# Exercise prompt
From the first line of the entries below through the line holding "#4=PRODUCT('Part','Part','',(#3));", write out every line exactly, please, and leave out the pictures.

Records drawn from a dataset:

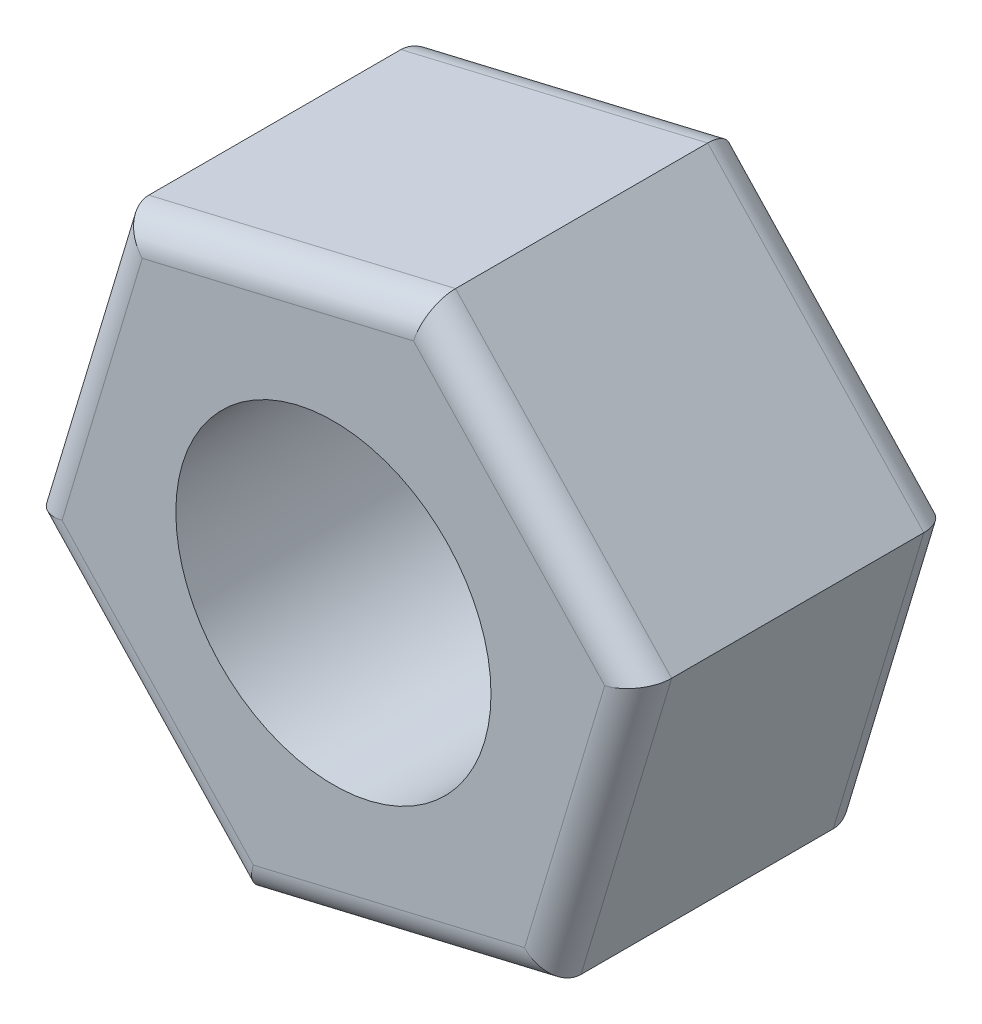
ISO-10303-21;
HEADER;
FILE_DESCRIPTION(('STEP AP214'),'2;1');
FILE_NAME('part.step','',(''),(''),'','','');
FILE_SCHEMA(('AUTOMOTIVE_DESIGN { 1 0 10303 214 1 1 1 1 }'));
ENDSEC;
DATA;
#1=APPLICATION_CONTEXT('core data for automotive mechanical design processes');
#2=APPLICATION_PROTOCOL_DEFINITION('international standard','automotive_design',2000,#1);
#3=PRODUCT_CONTEXT('',#1,'mechanical');
#4=PRODUCT('Part','Part','',(#3));
#5=PRODUCT_RELATED_PRODUCT_CATEGORY('part','',(#4));
#6=PRODUCT_DEFINITION_FORMATION('','',#4);
#7=PRODUCT_DEFINITION_CONTEXT('part definition',#1,'design');
#8=PRODUCT_DEFINITION('design','',#6,#7);
#9=PRODUCT_DEFINITION_SHAPE('','',#8);
#10=(LENGTH_UNIT() NAMED_UNIT(*) SI_UNIT(.MILLI.,.METRE.));
#11=(NAMED_UNIT(*) PLANE_ANGLE_UNIT() SI_UNIT($,.RADIAN.));
#12=(NAMED_UNIT(*) SI_UNIT($,.STERADIAN.) SOLID_ANGLE_UNIT());
#13=UNCERTAINTY_MEASURE_WITH_UNIT(LENGTH_MEASURE(1.E-05),#10,'distance_accuracy_value','');
#14=(GEOMETRIC_REPRESENTATION_CONTEXT(3) GLOBAL_UNCERTAINTY_ASSIGNED_CONTEXT((#13)) GLOBAL_UNIT_ASSIGNED_CONTEXT((#10,
#11,#12)) REPRESENTATION_CONTEXT('',''));
#15=CARTESIAN_POINT('',(0.,0.,0.));
#16=DIRECTION('',(0.,0.,1.));
#17=DIRECTION('',(1.,0.,0.));
#18=AXIS2_PLACEMENT_3D('',#15,#16,#17);
#19=CARTESIAN_POINT('',(9.73229975332995,2.29833450814581,10.));
#20=DIRECTION('',(0.,0.,1.));
#21=DIRECTION('',(1.,0.,0.));
#22=AXIS2_PLACEMENT_3D('',#19,#20,#21);
#23=PLANE('',#22);
#24=DIRECTION('',(-0.973229975332995,-0.229833450814581,0.));
#25=VECTOR('',#24,1.);
#26=CARTESIAN_POINT('',(-6.62673249629908,6.30602159422286,10.));
#27=LINE('',#26,#25);
#28=CARTESIAN_POINT('',(2.54367266878895,8.47166169767209,10.));
#29=VERTEX_POINT('',#28);
#30=CARTESIAN_POINT('',(-6.06483790805715,6.43871599891944,10.));
#31=VERTEX_POINT('',#30);
#32=EDGE_CURVE('E248',#29,#31,#27,.T.);
#33=ORIENTED_EDGE('',*,*,#32,.T.);
#34=DIRECTION('',(-0.287573380621629,-0.957758607770167,0.));
#35=VECTOR('',#34,1.);
#36=CARTESIAN_POINT('',(-8.77454114555978,-2.58590788876744,10.));
#37=LINE('',#36,#35);
#38=CARTESIAN_POINT('',(-8.60851057684611,-2.03294569875265,10.));
#39=VERTEX_POINT('',#38);
#40=EDGE_CURVE('E11',#31,#39,#37,.T.);
#41=ORIENTED_EDGE('',*,*,#40,.T.);
#42=DIRECTION('',(0.685656594711366,-0.727925156955586,0.));
#43=VECTOR('',#42,1.);
#44=CARTESIAN_POINT('',(-2.1478086492607,-8.8919294829903,10.));
#45=LINE('',#44,#43);
#46=CARTESIAN_POINT('',(-2.54367266878895,-8.47166169767209,10.));
#47=VERTEX_POINT('',#46);
#48=EDGE_CURVE('E40',#39,#47,#45,.T.);
#49=ORIENTED_EDGE('',*,*,#48,.T.);
#50=DIRECTION('',(0.973229975332995,0.229833450814581,0.));
#51=VECTOR('',#50,1.);
#52=CARTESIAN_POINT('',(6.62673249629908,-6.30602159422286,10.));
#53=LINE('',#52,#51);
#54=CARTESIAN_POINT('',(6.06483790805716,-6.43871599891944,10.));
#55=VERTEX_POINT('',#54);
#56=EDGE_CURVE('E254',#47,#55,#53,.T.);
#57=ORIENTED_EDGE('',*,*,#56,.T.);
#58=DIRECTION('',(0.287573380621629,0.957758607770167,0.));
#59=VECTOR('',#58,1.);
#60=CARTESIAN_POINT('',(8.77454114555978,2.58590788876744,10.));
#61=LINE('',#60,#59);
#62=CARTESIAN_POINT('',(8.60851057684611,2.03294569875266,10.));
#63=VERTEX_POINT('',#62);
#64=EDGE_CURVE('E252',#55,#63,#61,.T.);
#65=ORIENTED_EDGE('',*,*,#64,.T.);
#66=DIRECTION('',(-0.685656594711366,0.727925156955585,0.));
#67=VECTOR('',#66,1.);
#68=CARTESIAN_POINT('',(2.1478086492607,8.8919294829903,10.));
#69=LINE('',#68,#67);
#70=EDGE_CURVE('E250',#63,#29,#69,.T.);
#71=ORIENTED_EDGE('',*,*,#70,.T.);
#72=EDGE_LOOP('',(#33,#41,#49,#57,#65,#71));
#73=FACE_BOUND('',#72,.T.);
#74=CARTESIAN_POINT('',(0.,0.,10.));
#75=DIRECTION('',(0.,0.,1.));
#76=DIRECTION('',(1.,0.,0.));
#77=AXIS2_PLACEMENT_3D('',#74,#75,#76);
#78=CIRCLE('',#77,5.);
#79=CARTESIAN_POINT('',(5.,0.,10.));
#80=VERTEX_POINT('',#79);
#81=EDGE_CURVE('E201',#80,#80,#78,.T.);
#82=ORIENTED_EDGE('',*,*,#81,.F.);
#83=EDGE_LOOP('',(#82));
#84=FACE_BOUND('',#83,.T.);
#85=ADVANCED_FACE('F31',(#73,#84),#23,.T.);
#86=CARTESIAN_POINT('',(9.73229975332995,2.29833450814581,0.));
#87=DIRECTION('',(0.,0.,1.));
#88=DIRECTION('',(1.,0.,0.));
#89=AXIS2_PLACEMENT_3D('',#86,#87,#88);
#90=PLANE('',#89);
#91=DIRECTION('',(0.685656594711366,-0.727925156955586,0.));
#92=VECTOR('',#91,1.);
#93=CARTESIAN_POINT('',(-2.1478086492607,-8.89192948299029,0.));
#94=LINE('',#93,#92);
#95=CARTESIAN_POINT('',(-2.54367266878895,-8.47166169767209,0.));
#96=VERTEX_POINT('',#95);
#97=CARTESIAN_POINT('',(-8.60851057684611,-2.03294569875265,0.));
#98=VERTEX_POINT('',#97);
#99=EDGE_CURVE('E227',#96,#98,#94,.F.);
#100=ORIENTED_EDGE('',*,*,#99,.T.);
#101=DIRECTION('',(-0.287573380621629,-0.957758607770167,0.));
#102=VECTOR('',#101,1.);
#103=CARTESIAN_POINT('',(-5.89880733934349,6.99167818893422,0.));
#104=LINE('',#103,#102);
#105=CARTESIAN_POINT('',(-6.06483790805716,6.43871599891944,0.));
#106=VERTEX_POINT('',#105);
#107=EDGE_CURVE('E133',#98,#106,#104,.F.);
#108=ORIENTED_EDGE('',*,*,#107,.T.);
#109=DIRECTION('',(-0.973229975332995,-0.229833450814581,0.));
#110=VECTOR('',#109,1.);
#111=CARTESIAN_POINT('',(7.97171713369585,9.75352335644157,0.));
#112=LINE('',#111,#110);
#113=CARTESIAN_POINT('',(2.54367266878895,8.47166169767209,0.));
#114=VERTEX_POINT('',#113);
#115=EDGE_CURVE('E219',#106,#114,#112,.F.);
#116=ORIENTED_EDGE('',*,*,#115,.T.);
#117=DIRECTION('',(-0.685656594711366,0.727925156955585,0.));
#118=VECTOR('',#117,1.);
#119=CARTESIAN_POINT('',(9.00437459637436,1.61267791343445,0.));
#120=LINE('',#119,#118);
#121=CARTESIAN_POINT('',(8.60851057684611,2.03294569875266,0.));
#122=VERTEX_POINT('',#121);
#123=EDGE_CURVE('E221',#114,#122,#120,.F.);
#124=ORIENTED_EDGE('',*,*,#123,.T.);
#125=DIRECTION('',(0.287573380621629,0.957758607770167,0.));
#126=VECTOR('',#125,1.);
#127=CARTESIAN_POINT('',(8.77454114555978,2.58590788876744,0.));
#128=LINE('',#127,#126);
#129=CARTESIAN_POINT('',(6.06483790805716,-6.43871599891944,0.));
#130=VERTEX_POINT('',#129);
#131=EDGE_CURVE('E223',#122,#130,#128,.F.);
#132=ORIENTED_EDGE('',*,*,#131,.T.);
#133=DIRECTION('',(0.973229975332995,0.229833450814581,0.));
#134=VECTOR('',#133,1.);
#135=CARTESIAN_POINT('',(11.492882372964,-5.15685434014996,0.));
#136=LINE('',#135,#134);
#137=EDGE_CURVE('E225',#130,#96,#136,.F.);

# Reply to the task
ISO-10303-21;
HEADER;
FILE_DESCRIPTION(('STEP AP214'),'2;1');
FILE_NAME('part.step','',(''),(''),'','','');
FILE_SCHEMA(('AUTOMOTIVE_DESIGN { 1 0 10303 214 1 1 1 1 }'));
ENDSEC;
DATA;
#1=APPLICATION_CONTEXT('core data for automotive mechanical design processes');
#2=APPLICATION_PROTOCOL_DEFINITION('international standard','automotive_design',2000,#1);
#3=PRODUCT_CONTEXT('',#1,'mechanical');
#4=PRODUCT('Part','Part','',(#3));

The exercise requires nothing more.